Exercise goal: When a line below contains the word "Insert", it counts toward the total; give that total and nothing besides.
The data Block Start
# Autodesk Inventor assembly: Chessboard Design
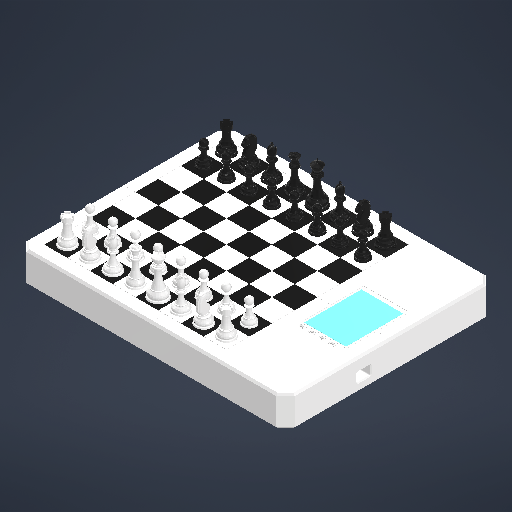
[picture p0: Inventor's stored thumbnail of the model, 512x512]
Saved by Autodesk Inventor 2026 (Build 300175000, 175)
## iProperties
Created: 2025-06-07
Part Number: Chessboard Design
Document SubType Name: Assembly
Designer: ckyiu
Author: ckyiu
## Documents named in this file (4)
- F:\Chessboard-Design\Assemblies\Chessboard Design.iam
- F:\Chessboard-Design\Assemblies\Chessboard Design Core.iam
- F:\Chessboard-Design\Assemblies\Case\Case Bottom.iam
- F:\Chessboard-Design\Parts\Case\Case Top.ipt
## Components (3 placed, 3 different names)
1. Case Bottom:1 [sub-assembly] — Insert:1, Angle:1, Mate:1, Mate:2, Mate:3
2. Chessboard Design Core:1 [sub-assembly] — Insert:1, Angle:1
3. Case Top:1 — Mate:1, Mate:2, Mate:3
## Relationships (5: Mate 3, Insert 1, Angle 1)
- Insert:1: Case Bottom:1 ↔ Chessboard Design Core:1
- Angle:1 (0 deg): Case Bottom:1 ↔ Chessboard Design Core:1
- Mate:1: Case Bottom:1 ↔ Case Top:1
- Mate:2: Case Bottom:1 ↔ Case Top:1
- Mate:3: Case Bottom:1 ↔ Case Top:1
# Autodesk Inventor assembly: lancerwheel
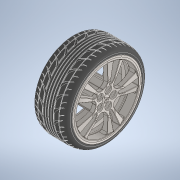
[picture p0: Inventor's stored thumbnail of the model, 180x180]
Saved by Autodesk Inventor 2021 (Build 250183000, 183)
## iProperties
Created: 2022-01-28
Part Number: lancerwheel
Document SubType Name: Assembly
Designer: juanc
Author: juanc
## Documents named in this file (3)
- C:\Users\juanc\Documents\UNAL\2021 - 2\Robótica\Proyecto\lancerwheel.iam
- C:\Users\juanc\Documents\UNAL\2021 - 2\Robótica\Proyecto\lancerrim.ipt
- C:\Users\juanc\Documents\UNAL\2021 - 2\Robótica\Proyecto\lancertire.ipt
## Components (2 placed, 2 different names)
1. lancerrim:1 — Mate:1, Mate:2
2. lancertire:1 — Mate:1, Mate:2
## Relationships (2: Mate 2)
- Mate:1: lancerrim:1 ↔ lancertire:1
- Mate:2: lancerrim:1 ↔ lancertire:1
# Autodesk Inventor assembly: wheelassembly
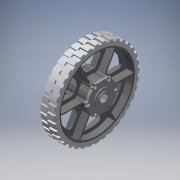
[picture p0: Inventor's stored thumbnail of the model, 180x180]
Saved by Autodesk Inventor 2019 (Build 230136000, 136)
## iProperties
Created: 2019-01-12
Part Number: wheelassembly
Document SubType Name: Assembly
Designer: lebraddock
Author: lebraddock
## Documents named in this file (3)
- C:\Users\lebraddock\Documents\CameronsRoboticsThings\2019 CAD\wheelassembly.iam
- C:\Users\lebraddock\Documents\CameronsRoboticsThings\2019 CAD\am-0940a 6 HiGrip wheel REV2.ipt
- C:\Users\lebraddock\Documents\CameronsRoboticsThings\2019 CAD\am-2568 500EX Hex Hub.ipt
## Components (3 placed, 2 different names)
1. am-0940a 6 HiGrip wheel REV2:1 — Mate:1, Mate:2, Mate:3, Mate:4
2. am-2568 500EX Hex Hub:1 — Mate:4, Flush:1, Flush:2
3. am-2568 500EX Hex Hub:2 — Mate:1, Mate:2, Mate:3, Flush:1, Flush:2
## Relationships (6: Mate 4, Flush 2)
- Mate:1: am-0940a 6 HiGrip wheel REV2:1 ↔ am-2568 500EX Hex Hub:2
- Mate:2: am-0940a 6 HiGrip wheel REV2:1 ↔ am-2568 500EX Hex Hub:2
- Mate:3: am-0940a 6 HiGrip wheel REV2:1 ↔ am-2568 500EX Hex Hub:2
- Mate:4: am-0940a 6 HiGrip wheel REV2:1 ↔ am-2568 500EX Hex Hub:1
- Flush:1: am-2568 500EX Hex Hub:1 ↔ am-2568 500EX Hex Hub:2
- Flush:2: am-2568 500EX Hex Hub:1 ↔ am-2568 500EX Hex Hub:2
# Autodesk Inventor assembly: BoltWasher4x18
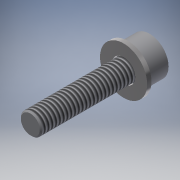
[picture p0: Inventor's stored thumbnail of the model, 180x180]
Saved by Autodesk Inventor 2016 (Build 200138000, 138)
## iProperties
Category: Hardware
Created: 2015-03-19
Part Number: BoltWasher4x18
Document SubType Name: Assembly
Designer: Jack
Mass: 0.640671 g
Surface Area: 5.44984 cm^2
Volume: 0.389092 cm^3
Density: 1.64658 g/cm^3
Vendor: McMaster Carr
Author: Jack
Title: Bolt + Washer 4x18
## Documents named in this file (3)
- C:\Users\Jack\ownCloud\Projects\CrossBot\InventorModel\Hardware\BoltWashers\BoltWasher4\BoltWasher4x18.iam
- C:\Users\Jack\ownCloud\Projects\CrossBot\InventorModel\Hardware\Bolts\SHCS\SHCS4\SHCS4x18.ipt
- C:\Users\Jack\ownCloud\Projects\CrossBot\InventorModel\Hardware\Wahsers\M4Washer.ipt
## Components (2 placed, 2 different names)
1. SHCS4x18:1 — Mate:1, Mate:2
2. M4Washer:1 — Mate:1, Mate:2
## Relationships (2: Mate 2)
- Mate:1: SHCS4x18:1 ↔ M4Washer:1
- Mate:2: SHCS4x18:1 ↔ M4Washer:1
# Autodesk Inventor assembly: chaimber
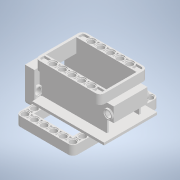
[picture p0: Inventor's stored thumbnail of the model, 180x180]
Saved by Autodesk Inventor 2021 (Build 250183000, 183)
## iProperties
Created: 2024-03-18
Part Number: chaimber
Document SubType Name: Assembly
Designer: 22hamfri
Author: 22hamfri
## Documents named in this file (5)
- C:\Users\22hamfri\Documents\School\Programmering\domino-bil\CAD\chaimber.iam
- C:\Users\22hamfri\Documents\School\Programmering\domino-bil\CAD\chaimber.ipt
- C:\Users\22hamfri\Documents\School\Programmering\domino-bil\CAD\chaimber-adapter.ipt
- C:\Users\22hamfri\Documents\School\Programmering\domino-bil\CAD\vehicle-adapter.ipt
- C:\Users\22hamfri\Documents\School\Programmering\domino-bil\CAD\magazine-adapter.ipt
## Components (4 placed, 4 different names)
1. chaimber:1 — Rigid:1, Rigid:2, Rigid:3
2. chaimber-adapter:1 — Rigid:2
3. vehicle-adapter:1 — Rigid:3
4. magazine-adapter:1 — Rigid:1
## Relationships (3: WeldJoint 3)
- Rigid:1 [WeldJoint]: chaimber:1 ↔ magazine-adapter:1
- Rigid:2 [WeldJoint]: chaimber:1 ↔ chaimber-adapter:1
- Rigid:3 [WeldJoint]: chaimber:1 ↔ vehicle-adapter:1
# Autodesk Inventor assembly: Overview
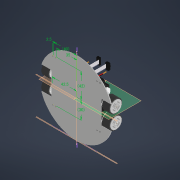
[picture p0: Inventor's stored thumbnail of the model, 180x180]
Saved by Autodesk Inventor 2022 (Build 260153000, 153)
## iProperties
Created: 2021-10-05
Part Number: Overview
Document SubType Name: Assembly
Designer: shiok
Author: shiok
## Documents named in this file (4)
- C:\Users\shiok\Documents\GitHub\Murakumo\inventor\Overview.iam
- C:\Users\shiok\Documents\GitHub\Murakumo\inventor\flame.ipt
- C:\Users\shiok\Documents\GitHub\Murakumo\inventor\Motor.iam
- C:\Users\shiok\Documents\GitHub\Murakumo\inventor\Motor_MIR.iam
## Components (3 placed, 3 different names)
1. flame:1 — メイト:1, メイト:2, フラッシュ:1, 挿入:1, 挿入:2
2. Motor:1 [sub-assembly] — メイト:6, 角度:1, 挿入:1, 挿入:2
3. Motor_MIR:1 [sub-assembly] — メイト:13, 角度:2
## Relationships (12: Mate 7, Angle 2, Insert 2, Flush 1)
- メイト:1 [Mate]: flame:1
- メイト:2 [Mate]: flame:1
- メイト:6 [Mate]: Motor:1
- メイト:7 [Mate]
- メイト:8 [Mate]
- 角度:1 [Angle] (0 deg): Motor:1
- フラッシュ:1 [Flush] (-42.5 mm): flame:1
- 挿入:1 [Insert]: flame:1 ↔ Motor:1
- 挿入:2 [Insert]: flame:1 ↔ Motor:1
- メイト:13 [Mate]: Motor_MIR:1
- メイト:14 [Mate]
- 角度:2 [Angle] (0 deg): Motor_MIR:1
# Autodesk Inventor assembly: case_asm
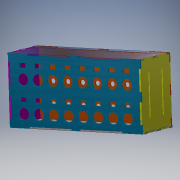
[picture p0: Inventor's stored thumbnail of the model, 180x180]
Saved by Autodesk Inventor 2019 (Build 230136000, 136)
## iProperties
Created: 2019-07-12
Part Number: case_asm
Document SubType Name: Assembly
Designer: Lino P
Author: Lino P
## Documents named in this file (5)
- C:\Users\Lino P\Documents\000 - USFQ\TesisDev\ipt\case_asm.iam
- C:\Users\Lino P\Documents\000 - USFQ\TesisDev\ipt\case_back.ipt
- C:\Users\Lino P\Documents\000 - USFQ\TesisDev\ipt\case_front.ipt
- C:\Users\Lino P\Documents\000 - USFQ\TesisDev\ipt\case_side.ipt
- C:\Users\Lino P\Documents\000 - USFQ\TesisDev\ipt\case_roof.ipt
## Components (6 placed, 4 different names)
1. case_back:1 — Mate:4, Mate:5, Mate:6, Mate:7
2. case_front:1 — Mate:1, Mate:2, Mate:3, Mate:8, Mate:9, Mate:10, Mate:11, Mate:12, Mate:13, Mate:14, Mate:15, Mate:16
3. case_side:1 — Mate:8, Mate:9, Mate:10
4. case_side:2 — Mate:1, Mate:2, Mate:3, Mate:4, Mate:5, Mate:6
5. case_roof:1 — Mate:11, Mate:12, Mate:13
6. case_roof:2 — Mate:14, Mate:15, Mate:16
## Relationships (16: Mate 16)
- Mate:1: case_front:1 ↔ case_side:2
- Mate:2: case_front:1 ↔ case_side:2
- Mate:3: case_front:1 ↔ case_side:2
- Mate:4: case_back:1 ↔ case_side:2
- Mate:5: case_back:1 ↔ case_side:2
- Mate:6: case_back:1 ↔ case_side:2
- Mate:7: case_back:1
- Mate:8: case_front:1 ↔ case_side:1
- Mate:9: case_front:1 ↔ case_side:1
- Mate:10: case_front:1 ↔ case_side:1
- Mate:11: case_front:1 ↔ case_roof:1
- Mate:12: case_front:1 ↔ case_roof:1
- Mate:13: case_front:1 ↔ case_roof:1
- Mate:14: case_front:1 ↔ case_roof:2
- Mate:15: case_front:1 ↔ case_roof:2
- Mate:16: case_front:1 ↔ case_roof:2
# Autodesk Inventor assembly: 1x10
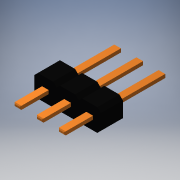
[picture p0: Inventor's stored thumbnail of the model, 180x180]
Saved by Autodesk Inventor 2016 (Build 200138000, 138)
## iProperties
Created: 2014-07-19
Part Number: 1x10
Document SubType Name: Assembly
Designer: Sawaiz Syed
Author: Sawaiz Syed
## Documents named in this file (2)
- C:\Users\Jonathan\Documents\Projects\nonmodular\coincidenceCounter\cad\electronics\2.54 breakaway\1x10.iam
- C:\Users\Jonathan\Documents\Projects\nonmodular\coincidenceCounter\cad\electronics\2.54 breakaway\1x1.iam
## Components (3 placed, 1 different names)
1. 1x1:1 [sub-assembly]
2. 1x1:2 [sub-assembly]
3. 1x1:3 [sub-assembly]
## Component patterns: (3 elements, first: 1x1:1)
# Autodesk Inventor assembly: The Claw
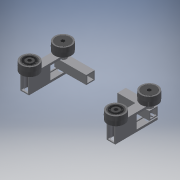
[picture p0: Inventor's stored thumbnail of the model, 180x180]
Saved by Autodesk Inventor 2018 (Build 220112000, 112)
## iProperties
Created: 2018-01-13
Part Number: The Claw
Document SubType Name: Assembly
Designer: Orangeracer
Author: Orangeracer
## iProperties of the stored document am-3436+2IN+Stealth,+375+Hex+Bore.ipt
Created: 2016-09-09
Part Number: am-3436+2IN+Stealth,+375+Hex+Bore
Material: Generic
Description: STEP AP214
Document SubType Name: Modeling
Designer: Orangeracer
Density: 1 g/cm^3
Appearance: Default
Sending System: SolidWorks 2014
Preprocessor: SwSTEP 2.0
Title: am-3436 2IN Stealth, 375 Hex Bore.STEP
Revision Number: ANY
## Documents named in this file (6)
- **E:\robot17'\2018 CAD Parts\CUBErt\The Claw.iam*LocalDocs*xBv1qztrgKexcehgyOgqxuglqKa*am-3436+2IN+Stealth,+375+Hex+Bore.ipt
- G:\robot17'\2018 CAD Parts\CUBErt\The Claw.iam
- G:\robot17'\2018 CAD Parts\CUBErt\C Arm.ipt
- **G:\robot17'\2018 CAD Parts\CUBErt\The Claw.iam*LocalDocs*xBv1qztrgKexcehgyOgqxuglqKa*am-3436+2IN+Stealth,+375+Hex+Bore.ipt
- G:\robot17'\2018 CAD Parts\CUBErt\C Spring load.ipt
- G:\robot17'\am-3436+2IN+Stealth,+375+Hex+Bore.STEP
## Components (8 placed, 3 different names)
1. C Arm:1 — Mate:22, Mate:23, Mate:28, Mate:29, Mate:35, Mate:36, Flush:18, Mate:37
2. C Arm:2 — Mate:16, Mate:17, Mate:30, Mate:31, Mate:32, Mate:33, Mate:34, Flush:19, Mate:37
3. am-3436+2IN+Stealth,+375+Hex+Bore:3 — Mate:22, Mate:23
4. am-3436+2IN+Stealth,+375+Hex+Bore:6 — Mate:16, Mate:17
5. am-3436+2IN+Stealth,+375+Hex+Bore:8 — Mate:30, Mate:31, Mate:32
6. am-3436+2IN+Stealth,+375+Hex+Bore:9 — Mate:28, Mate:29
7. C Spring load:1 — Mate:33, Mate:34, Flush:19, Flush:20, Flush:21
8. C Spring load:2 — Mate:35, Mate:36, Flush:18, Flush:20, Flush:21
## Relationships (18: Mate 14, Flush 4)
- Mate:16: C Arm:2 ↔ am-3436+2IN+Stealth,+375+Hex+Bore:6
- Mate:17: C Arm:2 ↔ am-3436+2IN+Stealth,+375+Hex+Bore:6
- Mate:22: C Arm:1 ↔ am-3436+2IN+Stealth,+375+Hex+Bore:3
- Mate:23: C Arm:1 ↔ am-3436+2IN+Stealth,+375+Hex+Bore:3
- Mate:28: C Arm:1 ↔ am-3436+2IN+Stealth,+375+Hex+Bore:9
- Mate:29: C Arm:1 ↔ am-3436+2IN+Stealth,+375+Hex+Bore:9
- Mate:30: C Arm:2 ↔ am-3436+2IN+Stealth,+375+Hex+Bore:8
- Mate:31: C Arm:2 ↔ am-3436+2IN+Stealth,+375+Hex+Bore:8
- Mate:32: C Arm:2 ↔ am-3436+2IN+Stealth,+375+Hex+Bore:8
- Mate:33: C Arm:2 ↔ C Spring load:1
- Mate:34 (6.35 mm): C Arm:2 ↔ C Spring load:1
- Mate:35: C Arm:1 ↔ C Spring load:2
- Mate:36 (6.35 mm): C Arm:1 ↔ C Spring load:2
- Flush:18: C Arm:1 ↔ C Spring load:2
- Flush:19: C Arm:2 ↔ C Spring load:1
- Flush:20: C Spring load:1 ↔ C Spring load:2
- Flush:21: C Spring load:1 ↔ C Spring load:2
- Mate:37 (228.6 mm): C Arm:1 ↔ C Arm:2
The data Block End
Answer area: 7